The first baronet, Sir David Graaff, had just bought the farm where he settled his prized Arab horses and Friesland cattle. In the early days Graaff’s coaches for his horses were kept on the hillside of De Grendel’s manor house in the Koetshuis. It was originally a resting place for travelers before crossing the Tygerberg on their way to the interior, and today, the prize Sauvignon Blanc wine produced on the farm gets its name from the Koetshuis.

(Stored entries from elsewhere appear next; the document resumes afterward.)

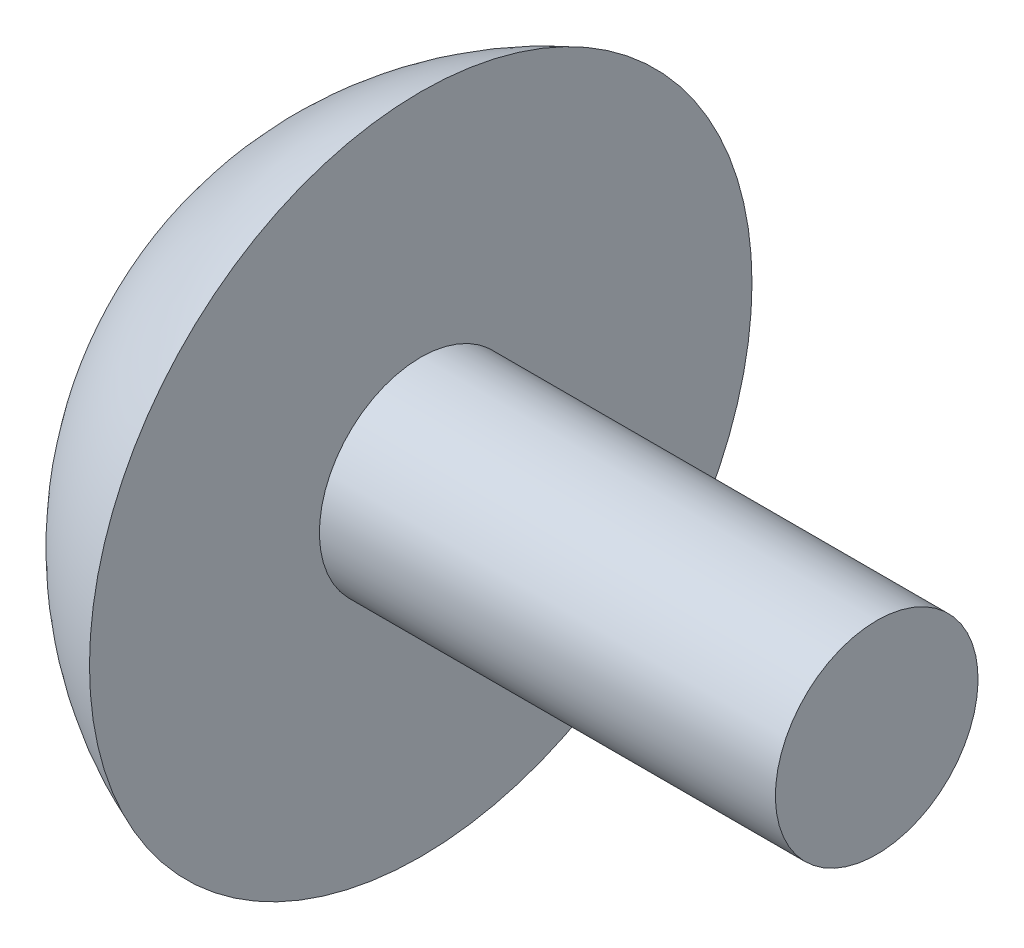
ISO-10303-21;
HEADER;
FILE_DESCRIPTION(('STEP AP214'),'2;1');
FILE_NAME('part.step','',(''),(''),'','','');
FILE_SCHEMA(('AUTOMOTIVE_DESIGN { 1 0 10303 214 1 1 1 1 }'));
ENDSEC;
DATA;
#1=APPLICATION_CONTEXT('core data for automotive mechanical design processes');
#2=APPLICATION_PROTOCOL_DEFINITION('international standard','automotive_design',2000,#1);
#3=PRODUCT_CONTEXT('',#1,'mechanical');
#4=PRODUCT('Part','Part','',(#3));
#5=PRODUCT_RELATED_PRODUCT_CATEGORY('part','',(#4));
#6=PRODUCT_DEFINITION_FORMATION('','',#4);
#7=PRODUCT_DEFINITION_CONTEXT('part definition',#1,'design');
#8=PRODUCT_DEFINITION('design','',#6,#7);
#9=PRODUCT_DEFINITION_SHAPE('','',#8);
#10=(LENGTH_UNIT() NAMED_UNIT(*) SI_UNIT(.MILLI.,.METRE.));
#11=(NAMED_UNIT(*) PLANE_ANGLE_UNIT() SI_UNIT($,.RADIAN.));
#12=(NAMED_UNIT(*) SI_UNIT($,.STERADIAN.) SOLID_ANGLE_UNIT());
#13=UNCERTAINTY_MEASURE_WITH_UNIT(LENGTH_MEASURE(1.E-05),#10,'distance_accuracy_value','');
#14=(GEOMETRIC_REPRESENTATION_CONTEXT(3) GLOBAL_UNCERTAINTY_ASSIGNED_CONTEXT((#13)) GLOBAL_UNIT_ASSIGNED_CONTEXT((#10,
#11,#12)) REPRESENTATION_CONTEXT('',''));
#15=CARTESIAN_POINT('',(0.,0.,0.));
#16=DIRECTION('',(0.,0.,1.));
#17=DIRECTION('',(1.,0.,0.));
#18=AXIS2_PLACEMENT_3D('',#15,#16,#17);
#19=CARTESIAN_POINT('',(0.,0.,0.));
#20=DIRECTION('',(-1.,0.,0.));
#21=DIRECTION('',(0.,-1.,0.));
#22=AXIS2_PLACEMENT_3D('',#19,#20,#21);
#23=PLANE('',#22);
#24=CARTESIAN_POINT('',(0.,0.,0.));
#25=DIRECTION('',(1.,0.,0.));
#26=DIRECTION('',(0.,1.,0.));
#27=AXIS2_PLACEMENT_3D('',#24,#25,#26);
#28=CIRCLE('',#27,2.);
#29=CARTESIAN_POINT('',(0.,2.,0.));
#30=VERTEX_POINT('',#29);
#31=EDGE_CURVE('E41',#30,#30,#28,.T.);
#32=ORIENTED_EDGE('',*,*,#31,.T.);
#33=EDGE_LOOP('',(#32));
#34=FACE_BOUND('',#33,.T.);
#35=ADVANCED_FACE('F31',(#34),#23,.F.);
#36=CARTESIAN_POINT('',(-6.5,0.,0.));
#37=DIRECTION('',(1.,0.,0.));
#38=DIRECTION('',(0.,-1.,0.));
#39=AXIS2_PLACEMENT_3D('',#36,#37,#38);
#40=SPHERICAL_SURFACE('',#39,7.);
#41=CARTESIAN_POINT('',(-9.,0.,0.));
#42=DIRECTION('',(1.,0.,0.));
#43=DIRECTION('',(0.,1.,0.));
#44=AXIS2_PLACEMENT_3D('',#41,#42,#43);
#45=CIRCLE('',#44,6.53834841531101);
#46=CARTESIAN_POINT('',(-9.,6.53834841531101,0.));
#47=VERTEX_POINT('',#46);
#48=EDGE_CURVE('E10',#47,#47,#45,.T.);
#49=ORIENTED_EDGE('',*,*,#48,.F.);
#50=EDGE_LOOP('',(#49));
#51=FACE_BOUND('',#50,.T.);
#52=ADVANCED_FACE('F56',(#51),#40,.T.);
#53=CARTESIAN_POINT('',(-9.,-2.,0.));
#54=DIRECTION('',(-1.,0.,0.));
#55=DIRECTION('',(0.,-1.,0.));
#56=AXIS2_PLACEMENT_3D('',#53,#54,#55);
#57=PLANE('',#56);
#58=CARTESIAN_POINT('',(-9.,0.,0.));
#59=DIRECTION('',(1.,0.,0.));
#60=DIRECTION('',(0.,1.,0.));
#61=AXIS2_PLACEMENT_3D('',#58,#59,#60);
#62=CIRCLE('',#61,2.);
#63=CARTESIAN_POINT('',(-9.,2.,0.));
#64=VERTEX_POINT('',#63);
#65=EDGE_CURVE('E37',#64,#64,#62,.T.);
#66=ORIENTED_EDGE('',*,*,#65,.F.);
#67=EDGE_LOOP('',(#66));
#68=FACE_BOUND('',#67,.T.);
#69=ORIENTED_EDGE('',*,*,#48,.T.);
#70=EDGE_LOOP('',(#69));
#71=FACE_BOUND('',#70,.T.);
#72=ADVANCED_FACE('F51',(#68,#71),#57,.F.);
#73=CARTESIAN_POINT('',(0.,0.,0.));
#74=DIRECTION('',(1.,0.,0.));
#75=DIRECTION('',(0.,1.,0.));
#76=AXIS2_PLACEMENT_3D('',#73,#74,#75);
#77=CYLINDRICAL_SURFACE('',#76,2.);
#78=ORIENTED_EDGE('',*,*,#31,.F.);
#79=EDGE_LOOP('',(#78));
#80=FACE_BOUND('',#79,.T.);
#81=ORIENTED_EDGE('',*,*,#65,.T.);
#82=EDGE_LOOP('',(#81));
#83=FACE_BOUND('',#82,.T.);
#84=ADVANCED_FACE('F49',(#80,#83),#77,.T.);
#85=CLOSED_SHELL('',(#35,#52,#72,#84));
#86=MANIFOLD_SOLID_BREP('B2',#85);
#87=ADVANCED_BREP_SHAPE_REPRESENTATION('',(#18,#86),#14);
#88=SHAPE_DEFINITION_REPRESENTATION(#9,#87);
ENDSEC;
END-ISO-10303-21;

Soon after his resignation as cabinet member in 1913 Graaff extended the residence. A third gable was added asymmetrically to the imposing double-storey homestead with its eight bedrooms and panoramic seaward view across the plain to Table Mountain. At the time of Graaff’s extensions of the manor house he had a small church built for the use of the people in the neighbourhood. A prominent Cape firm of architects, Parker & Forsyth, drew up the plans. And called the little stone church the Tygerberg Church. In the cemetery adjoining the little church, all the deceased Graaff baronets and members of their families are peacefully resting.
The wine cellar, officially opened in 2006 after Sir David started producing wine at De Grendel, was designed by a family member, Linda Graaff, the Cape Town architect and daughter of Dr Jannie Graaff, uncle of Sir David. The office of the farm’s owner, presently Sir De Villiers Graaff the fourth baronet, was also moved to this building. Initially the extended structure on the hill was planned closer to the manor house and lower down the slopes of the Tygerberg. But on the higher level where the cellar was eventually built, it encompassed both the magnificent view of Table Mountain and at the back the higher part of the Tygerberg with its renosterveld reserve.
Using the principles of Feng Shui, the ancient system of harmonizing everyone with the surrounding environment, the cellar has been designed and decorated to blend the old with the new, combining the heritage of the Graaff family history with a new era in winemaking and wine tasting. Also, architect Linda Graaff purposely set out to link the public space and private operations of the winemaking process in the cellar. From the front entrance with its pillars which replicate those in the manor’s garden, a ramp goes down to the cellar and winetasting area alongside dramatic windows which act as spy holes into the manufacturing process and into the vast cellar itself where the barrels are stored.
It is a remarkable feat to have the architecture so interwoven with the principles and creations of De Grendel today. Everything that comes out of De Grendel is embellished with it’s exceptional foundations; for what would the wine, the cattle or the land be without them.